闵氏又吐出一口血,吐在萧荆的衣襟上,话语断断续续,“第一件事,我为你今生妾,来世,让我做你的妻子。”
萧荆扣住她的后脑勺,“傻瓜,在我心里,你一直是我的妻子。”
闻言,一旁的太后本就淡漠的表情,变得更为肃穆。
闵氏哽咽:“在老爷眼里,我美吗?”
“美,是我见过最美的女子。”
闵氏闭眼,流出两行泪,提出第二个要求,“那就让我一直美下去吧,我不要变成骨灰。待我死后,将我放在竹筏上,顺水而去。”
萧荆颤抖着嘴皮,将她抱得更紧,“好。”
闵氏捧起萧荆的脸,当着众人的面,吻了一下他的额头,“第三件事,我想单独说给辙儿,老爷能带他们先出去吗?”

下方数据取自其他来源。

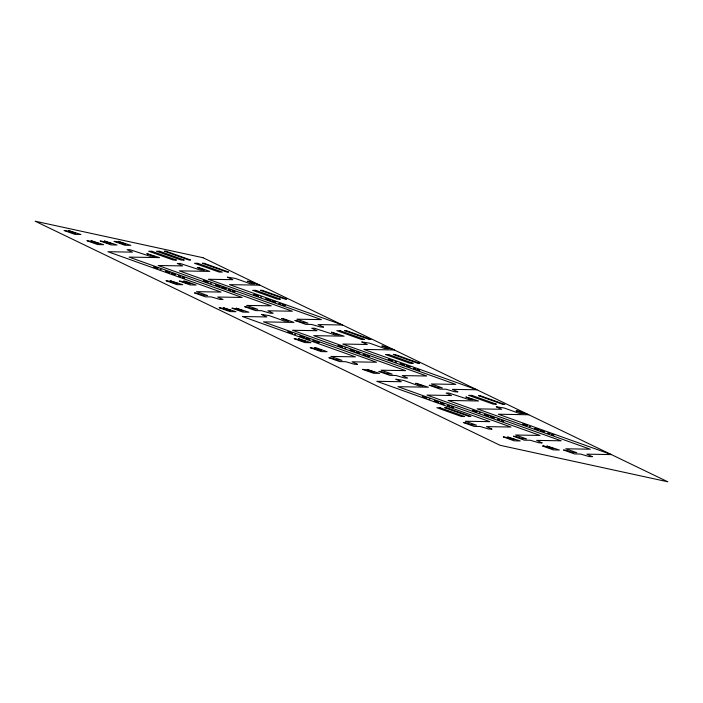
<?xml version="1.0" encoding="UTF-8"?>
<svg xmlns="http://www.w3.org/2000/svg" width="703" height="703" viewBox="0 0 703 703"><rect width="100%" height="100%" fill="white"/><g stroke="black" fill="none" stroke-linecap="round" stroke-linejoin="round"><path stroke-width="1.05" d="M173.869 274.1L171.585 273.537M184.643 277.931L182.279 277.351M224.055 287.87L221.735 287.29M234.828 291.701L232.473 291.121M274.284 301.64L271.973 301.086M285.014 305.471L282.676 304.9M308.309 338.89L305.963 338.31M319.039 342.721L316.702 342.141M358.495 352.66L356.157 352.08M369.251 356.483L366.887 355.911M408.689 366.43L406.36 365.868M419.375 370.261L417.055 369.673M442.749 403.689L440.403 403.118M453.497 407.52L451.133 406.949M492.935 417.459L490.606 416.897M503.629 421.29L501.344 420.728M543.12 431.229L540.783 430.658M553.815 435.06L551.495 434.48M171.576 273.397L173.931 273.977M182.305 277.228L184.661 277.808M221.761 287.167L224.116 287.747M232.491 290.998L234.855 291.578M271.947 300.937L274.311 301.517M282.685 304.768L285.04 305.348M305.972 338.178L308.336 338.758M316.71 342.01L319.065 342.589M356.166 351.948L358.521 352.528M366.896 355.78L369.251 356.359M406.352 365.718L408.707 366.298M417.081 369.55L419.445 370.13M440.412 402.986L442.767 403.566M451.141 406.817L453.505 407.397M490.597 416.756L492.961 417.336M501.336 420.587L503.691 421.167M540.792 430.526L543.147 431.106M551.521 434.357L553.876 434.937M165.495 271.244L167.613 271.745L166.391 271.305M178.615 275.928L180.733 276.428L179.502 275.989M203.765 280.761L205.874 281.262L204.652 280.822M215.689 285.014L217.798 285.515L216.577 285.075M228.8 289.698L230.918 290.198L229.696 289.759M253.95 294.531L256.068 295.032L254.838 294.592M265.875 298.784L267.992 299.285L266.762 298.854M287.975 331.772L290.093 332.273L288.863 331.842M299.9 336.034L302.018 336.535L300.787 336.096M313.02 340.718L315.129 341.219L313.907 340.779M338.161 345.542L340.278 346.043L339.057 345.612M363.205 354.488L365.323 354.989L364.092 354.549M388.355 359.321L390.464 359.813L389.242 359.382M400.271 363.574L402.388 364.075L401.167 363.636M422.415 396.58L424.524 397.081L423.303 396.641M434.34 400.833L436.449 401.334L435.227 400.903M447.451 405.517L449.569 406.018L448.347 405.578M497.645 419.287L499.754 419.788L498.532 419.348M522.786 424.12L524.904 424.621L523.682 424.181M534.711 428.373L536.828 428.874L535.598 428.443M547.83 433.057L549.948 433.558L548.718 433.118M68.332 230.505L80.889 234.477L74.922 234.371L64.07 230.479L66.803 230.9A7.162 0.808 17.1 0 1 71.205 232.473L75.493 233.132L73.771 232.517A7.162 0.808 17.1 0 1 69.36 230.944L68.349 230.566M91.118 240.698L103.666 244.679L97.708 244.574L86.9 240.698L89.58 241.094A7.162 0.808 17.1 0 1 93.991 242.667L98.279 243.326L96.548 242.711A7.162 0.808 17.1 0 1 92.146 241.138L91.109 240.751M104.457 241.024L117.014 245.004L111.048 244.899L100.195 240.997L102.928 241.419A7.162 0.808 17.1 0 1 107.331 242.992L111.619 243.651L109.896 243.036A7.162 0.808 17.1 0 1 105.485 241.463L104.457 241.076M118.262 241.357L130.811 245.338L124.853 245.233L114.018 241.349L116.724 241.753A7.162 0.808 17.1 0 1 121.136 243.326L125.424 243.985L123.693 243.37A7.162 0.808 17.1 0 1 119.29 241.797L118.236 241.393M146.997 253.66L159.546 257.632L129.088 257.096L242.166 297.457L217.675 297.026L223.018 299.496L220.171 299.478L211.278 296.912L205.32 296.807L194.45 292.896L197.2 293.327A7.162 0.808 17.1 0 1 201.603 294.9L207.596 295.594L196.532 291.648L221.023 292.079L107.954 251.718L132.445 252.149L127.12 249.688L129.923 249.688L149.897 256.208L154.159 256.287L152.428 255.672A7.162 0.808 17.1 0 1 148.025 254.091L147.015 253.721M160.117 269.46L161.163 269.486M174.432 274.574L175.469 274.592M227.508 277.175L235.277 278.397L250.277 283.748L254.539 283.827L252.808 283.212A7.162 0.808 17.1 0 1 248.405 281.639L247.368 281.244L249.161 281.332L259.925 285.172L229.468 284.636L342.537 324.997L318.046 324.566L323.389 327.036M170.223 280.734L182.771 284.706L176.813 284.601L165.952 280.708L168.685 281.121A7.162 0.808 17.1 0 1 173.096 282.694L177.384 283.362L175.653 282.747A7.162 0.808 17.1 0 1 171.251 281.174L170.196 280.769M210.302 283.23L211.348 283.256M224.617 288.344L225.654 288.362M260.497 297.009L261.534 297.026M274.803 302.114L275.848 302.132M223.378 307.729L235.936 311.701L229.969 311.596L219.134 307.712L221.849 308.116A7.162 0.808 17.1 0 1 226.252 309.689L230.54 310.357L228.818 309.742A7.162 0.808 17.1 0 1 224.406 308.16L223.361 307.765M232.078 308.151L234.802 308.617A7.162 0.808 17.1 0 1 239.205 310.19L243.502 310.849L241.77 310.234A7.162 0.808 17.1 0 1 237.368 308.661L236.313 308.257M236.34 308.222L248.888 312.202L242.922 312.097L232.095 308.213M261.534 314.426L269.302 315.647L284.302 320.999L288.564 321.069L286.833 320.454A7.162 0.808 17.1 0 1 282.43 318.881L281.393 318.494L283.186 318.582L293.951 322.413L263.493 321.877L376.562 362.238L352.071 361.808L357.414 364.286M323.362 327.071L320.357 326.983L311.657 324.452L305.691 324.347L294.838 320.445L297.571 320.867A7.162 0.808 17.1 0 1 301.974 322.44L307.976 323.134L296.912 319.188L321.403 319.619L208.334 279.258L232.825 279.689L227.526 277.237M331.588 332.211L344.136 336.183L313.679 335.647L426.756 376.008L402.265 375.578L407.599 378.056L404.787 378.038L395.868 375.464L389.91 375.358L379.049 371.465M294.522 334.25L295.559 334.268M308.828 339.356L309.874 339.373M361.904 341.966L369.681 343.187L384.673 348.539L388.935 348.609L387.212 347.994A7.162 0.808 17.1 0 1 382.801 346.421L381.791 346.043L383.566 346.122L394.33 349.953L363.873 349.417L476.942 389.778L452.451 389.348L457.794 391.826M344.707 348.02L345.753 348.038M310.243 347.686L312.993 348.117A7.162 0.808 17.1 0 1 317.404 349.69M359.013 353.126L360.059 353.143M394.893 361.79L395.938 361.808M357.388 364.321L354.382 364.233L345.683 361.694L339.716 361.588L328.863 357.695L331.596 358.117A7.162 0.808 17.1 0 1 335.999 359.69L341.992 360.375L330.937 356.43L355.428 356.86L242.359 316.499L266.85 316.939L261.525 314.469M409.208 366.896L410.244 366.913M362.73 369.33L365.455 369.796A7.162 0.808 17.1 0 1 369.866 371.369L374.154 372.036L372.423 371.421M379.058 371.412L381.782 371.887A7.162 0.808 17.1 0 1 386.193 373.46L392.186 374.145L381.123 370.2L405.613 370.63L292.545 330.269L317.035 330.709L311.71 328.239L314.513 328.239L334.487 334.769L338.749 334.839L337.018 334.224A7.162 0.808 17.1 0 1 332.616 332.651L331.561 332.247M395.965 379.225L403.742 380.446L418.733 385.798L422.995 385.877L421.273 385.262A7.162 0.808 17.1 0 1 416.861 383.689L415.816 383.284M415.833 383.249L428.391 387.221L397.933 386.685L511.002 427.046L486.511 426.616L491.854 429.085M457.767 391.861L454.806 391.782L446.062 389.234L440.096 389.128L429.261 385.244L431.976 385.657A7.162 0.808 17.1 0 1 436.378 387.23L442.372 387.924L431.308 383.97L455.808 384.4L342.73 344.039L367.23 344.479L361.922 342.027M466.027 397.019L478.576 400.991L448.119 400.455L561.187 440.816L536.697 440.386L542.039 442.855M428.953 399.058L429.999 399.076M443.268 404.163L444.305 404.181M496.344 406.765L504.121 407.986L519.113 413.338L523.375 413.417L521.644 412.802A7.162 0.808 17.1 0 1 517.241 411.229L516.204 410.833M516.257 410.86L517.997 410.921L528.761 414.761L498.304 414.225L611.382 454.586L586.891 454.156L592.225 456.625M479.147 412.828L480.184 412.846M493.453 417.934L494.499 417.951M529.333 426.598L530.378 426.616M491.828 429.129L488.813 429.032L480.123 426.501L474.156 426.396L463.303 422.494L466.036 422.916A7.162 0.808 17.1 0 1 470.439 424.489M543.639 431.704L544.684 431.721M513.498 436.22L516.222 436.686A7.162 0.808 17.1 0 1 520.624 438.259L526.617 438.953L515.563 435.008L540.053 435.438L426.985 395.077L451.475 395.508L446.177 393.056L448.945 393.047L468.927 399.568L473.189 399.647L471.458 399.032A7.162 0.808 17.1 0 1 467.056 397.459L466.001 397.054M503.383 436.888L506.107 437.354M542.013 442.899L539.052 442.811L530.308 440.271L524.341 440.166L513.515 436.282M563.657 450.025L566.407 450.456A7.162 0.808 17.1 0 1 570.818 452.029L576.812 452.723L565.748 448.778L590.239 449.208L477.17 408.847L501.661 409.278L496.318 406.8M592.207 456.669L589.237 456.59L580.493 454.041L574.536 453.936L563.701 450.052M155.521 267.711L153.562 267.087L155.688 267.491L154.467 267.052M167.472 271.973L165.469 271.323M180.566 276.648L178.606 276.024M205.707 281.481L203.747 280.857M217.658 285.743L215.654 285.093M230.751 290.418L228.791 289.794M255.901 295.251L253.941 294.627M267.817 299.504L265.866 298.88M280.936 304.188C275.207 302.334 283.608 304.786 279.882 303.529M289.952 332.501L287.949 331.86M301.842 336.755L299.909 336.139M314.988 341.438L312.984 340.797M340.138 346.271L338.152 345.639M352.036 350.525C346.386 348.688 354.602 351.113 350.973 349.866M365.182 355.208L363.196 354.576M390.297 360.041L388.337 359.409M402.248 364.295L400.262 363.671M415.341 368.978L413.382 368.346L415.508 368.759L414.287 368.319M424.384 397.3L422.398 396.677M436.282 401.554L434.322 400.93M449.428 406.246L447.442 405.613M474.551 411.07C468.796 409.208 477.188 411.677 473.488 410.411M486.467 415.324C480.808 413.434 489.06 415.956 485.413 414.673M499.587 420.007L497.627 419.383M524.737 424.84L522.795 424.225M536.661 429.102L534.719 428.487M549.781 433.777L547.839 433.162M157.041 268.019L158.096 268.353M207.227 281.789L208.281 282.123M219.151 286.042L220.206 286.376M269.337 299.812L270.4 300.146M291.437 332.8L292.501 333.134M303.318 337.15L304.425 337.396M341.632 346.57L342.686 346.904M353.547 350.832L354.611 351.166M391.756 360.419L392.872 360.674M403.742 364.602L404.796 364.936M437.802 401.861L438.857 402.195M476.063 411.378L477.126 411.712M487.987 415.631L489.051 415.965M526.257 425.148L527.312 425.482M538.173 429.401L539.236 429.735M198.211 267.861L197.183 267.474L198.975 267.562L209.74 271.402L179.283 270.866L292.351 311.227L267.861 310.796L273.203 313.266L270.365 313.248L261.472 310.682L255.505 310.577L244.653 306.675L247.386 307.097A7.162 0.808 17.1 0 1 251.788 308.67L257.781 309.364L246.718 305.418L271.217 305.849L158.14 265.488L182.639 265.919L177.314 263.458L180.109 263.458L200.083 269.978L204.345 270.057L202.622 269.442A7.162 0.808 17.1 0 1 198.211 267.861M255.98 295.392L258.01 296.121M267.905 299.645L269.934 300.374M205.794 281.622L207.824 282.351M217.71 285.875L219.74 286.604M155.6 267.852L157.63 268.572M167.525 272.105L169.555 272.834M184.59 281.49L183.553 281.103L185.355 281.191L196.119 285.031L190.153 284.926L179.3 281.033L182.033 281.446A7.162 0.808 17.1 0 1 186.436 283.019L190.724 283.687L189.002 283.072A7.162 0.808 17.1 0 1 184.59 281.499M390.385 360.182L392.406 360.903M402.301 364.435L404.33 365.156M340.19 346.412L342.22 347.133M352.115 350.665L354.145 351.386M290.005 332.642L292.035 333.363M301.93 336.895L303.96 337.616M317.404 349.69L321.693 350.349L319.962 349.734A7.162 0.808 17.1 0 1 315.559 348.161L314.522 347.765L316.315 347.862L327.08 351.693L321.122 351.588L310.287 347.704M524.816 424.981L526.846 425.71M536.74 429.243L538.77 429.964M474.63 411.211L476.66 411.94M486.555 415.464L488.585 416.194M424.445 397.441L426.475 398.17M436.361 401.694L438.391 402.424M470.448 424.489L476.432 425.183L465.368 421.238L489.868 421.668L376.79 381.307L401.29 381.738L395.965 379.277M226.199 288.617L225.777 288.423M396.492 362.071L396.053 361.869M258.476 295.893L257.412 295.559L257.939 295.972M170.021 272.606L168.975 272.272L169.493 272.694M426.932 397.942L425.895 397.608L426.405 398.021M362.748 369.391L373.583 373.275L379.541 373.381L366.992 369.409L368.012 369.848A7.162 0.808 17.1 0 0 372.423 371.421M437.776 401.967L438.329 402.283M291.411 332.906L291.965 333.222M538.709 429.823L538.138 429.489M157.569 268.432L157.015 268.115M392.344 360.762L391.791 360.446M269.864 300.234L269.284 299.891M341.623 346.684L342.159 346.992M526.784 425.561L526.195 425.227M303.889 337.475L303.336 337.159M503.357 436.923L514.227 440.834L520.194 440.939L507.636 436.967L508.664 437.407A7.162 0.808 17.1 0 0 513.076 438.98L514.798 439.595L510.519 438.936A7.162 0.808 17.1 0 0 506.107 437.363M166.022 251.226L164.238 251.191L188.817 259.969L190.566 259.996L166.022 251.226M159.73 251.279L156.453 251.226L181.031 259.996L184.265 260.057L159.73 251.279M151.945 251.305L148.667 251.252L173.246 260.022L176.479 260.084L151.945 251.305M204.09 263.282L202.306 263.247L226.884 272.026L228.633 272.052L204.09 263.282M197.798 263.335L194.52 263.274L219.099 272.052L222.333 272.105L197.798 263.335M262.175 290.321L260.391 290.295L284.97 299.065L286.719 299.1L262.175 290.321M255.883 290.383L252.605 290.321L277.184 299.091L280.418 299.153L255.883 290.383M346.386 330.656L344.593 330.63L369.18 339.4L370.92 339.435L346.386 330.656M340.094 330.709L336.807 330.656L361.395 339.426L364.629 339.487L340.094 330.709M295.383 338.67L294.1 338.697L304.953 342.589L310.919 342.695L298.362 338.723L299.39 339.154A7.162 0.808 17.1 0 0 303.801 340.735L305.524 341.35L301.244 340.691A7.162 0.808 17.1 0 0 296.833 339.11L295.409 338.67M395.016 354.514L393.232 354.488L417.81 363.258L419.559 363.293L395.016 354.514M388.724 354.576L385.446 354.514L410.025 363.284L413.259 363.346L388.724 354.576M471.854 395.402L468.576 395.35L493.155 404.12L496.397 404.181L471.854 395.402M480.298 395.71L478.506 395.675L503.084 404.453L504.833 404.48L480.298 395.71M446.431 407.714L444.639 407.687L469.217 416.457L470.966 416.492L446.431 407.714M440.131 407.766L436.853 407.714L461.432 416.484L464.674 416.545L440.131 407.766M543.823 445.974L542.531 446.001L553.393 449.894L559.351 449.999L546.802 446.027L547.822 446.467A7.162 0.808 17.1 0 0 552.233 448.039L553.964 448.655L549.676 447.996A7.162 0.808 17.1 0 0 545.264 446.423L543.867 445.974M202.965 257.711L35.15 221.199L500.035 445.289L667.85 481.801L202.965 257.711"/></g></svg>

萧荆慢慢松开她,点点头,起身看向萧砚夕,用目光询问。
萧砚夕审视闵氏一眼,起了一丝怀疑。碍于萧荆的颜面,摆摆手,众人一同离开。
屋里只剩下闵氏和萧君辙。
闵氏睁开迷离的双眼,握紧儿子的手,“辙儿,快走。”
萧君辙拧眉。
闵氏苍白着脸,从枕头下取出一个小包袱,塞给他,“这里有假的路引,能让你顺利出城,出城后,一路向东,去茺州找你舅爷爷。”
萧君辙的舅爷爷,曾是鲁王的旧部,在茺州卫所里权威极高。鲁王被捕后,消失了影踪。
萧君辙惨笑,已无力也无心,去做无意义的事,“娘,儿子不想逃。”
闵氏瞪大眼,不可置信地看着儿子,磨牙道:“你要在牢中度过余生吗?!”
“娘放心。”萧君辙尽力稳住闵氏的情绪,“儿子看得出,陛下外表冷漠,但还是看重亲情的。相信不久之后,就会放我离开。”
“他是太后的儿子,怎么可能放你离开!”
萧君辙扯下唇 ,“他会的。”
“他不会,他自幼什么性格,我比你清楚。”
闵氏躺在榻上,深深呼吸,让自己冷静,“你跟娘说说,到底为何不想走?是为了那个女人吗?”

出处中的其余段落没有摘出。